In these crossover trials, the Israelis have been very successful showing the effectiveness of HBOT in TBI, Stroke, Fibromyalgia, Alzheimer’s, and for a number of other conditions.

More recently, some studies are now drifting patients back down to 1.1 ATA after quickly at 1.3 ATA to try to make it as shamtastic as possible…i.e. as inert as possible and have shown some great promise, even with some indications that include the central nervous system.

Conclusion

So there you have it. It is quite difficult to do a real randomized placebo-controlled trial using HBOT and the “sham treatments” used in most studies are actually just a lower dose of HBOT and not inert as a sham is supposed to be in clinical trials.

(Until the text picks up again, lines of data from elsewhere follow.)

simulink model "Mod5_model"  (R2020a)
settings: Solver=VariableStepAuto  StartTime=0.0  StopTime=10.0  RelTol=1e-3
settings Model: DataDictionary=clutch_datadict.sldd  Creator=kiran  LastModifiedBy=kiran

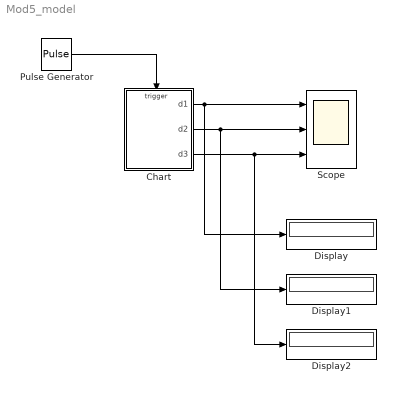
== system Mod5_model ==
  Chart : Stateflow chart  TreatAsAtomicUnit=on
  Display : Display
  Display1 : Display
  Display2 : Display
  Pulse Generator : DiscretePulseGenerator  PulseType=Time based  Period=0.1  PulseWidth=5
  Scope : Scope  NumInputPorts=3
  wires:
  Pulse Generator/1 -> Chart/Trigger
  Chart/1(d1) -> Display/1, Scope/1
  Chart/2(d2) -> Display1/1, Scope/2
  Chart/3(d3) -> Display2/1, Scope/3

== stateflow chart Mod5_model/Chart ==
  state digit1 [parallel]
    settings: executionOrder=1
    state One
      en:d1=1;
    state zero
      en:d1=0;
    state Two
      en:d1=2;
    state Four
      en:d1=4;
    state Three
      en:d1=3;
    digit1.zero -> digit1.One : ic1
    digit1.One -> digit1.Two : ic1
    (default) -> digit1.zero
    digit1.Four -> digit1.zero : ic1/{ic2}
    digit1.Two -> digit1.Three : ic1
    digit1.Three -> digit1.Four : ic1
  state digit2 [parallel]
    settings: executionOrder=2
    state One
      en:d2=1;
    state zero
      en:d2=0;
    state Two
      en:d2=2;
    state Four
      en:d2=4;
    state Three
      en:d2=3;
    digit2.zero -> digit2.One : ic2
    digit2.One -> digit2.Two : ic2
    (default) -> digit2.zero
    digit2.Four -> digit2.zero : ic2/{ic3}
    digit2.Two -> digit2.Three : ic2
    digit2.Three -> digit2.Four : ic2
  state digit3 [parallel]
    settings: executionOrder=3
    state One
      en:d3=1;
    state zero
      en:d3=0;
    state Two
      en:d3=2;
    state Four
      en:d3=4;
    state Three
      en:d3=3;
    digit3.zero -> digit3.One : ic3
    digit3.One -> digit3.Two : ic3
    (default) -> digit3.zero
    digit3.Four -> digit3.zero : ic3
    digit3.Two -> digit3.Three : ic3
    digit3.Three -> digit3.Four : ic3
  data: d1 output; d2 output; d3 output
  events: ic2 local FUNCTION_CALL_EVENT; ic3 local FUNCTION_CALL_EVENT; ic1 input RISING_EDGE_EVENT

This study design has led to a significant challenge in neurologic-related indications most of all due to the brain and central nervous system being more sensitive to oxygen and pressure. As a result, seeing a difference between the treatment group at 1.5 ATA w/100% oxygen vs. the “sham” group at 1.3 ATA w/21% oxygen is very difficult, especially in very small studies.

And that’s the last limitation to HBOT studies right there: The money. It’s expensive to run HBOT trials and there isn’t a huge amount of incentive to do them. The reason is simple: you can’t patent oxygen or HBOT treatment so there is no drug or intervention at the end of the clinical trial that can go on to be marketed and make billions.  The perverse incentives of our medical system in action ladies and gentlemen!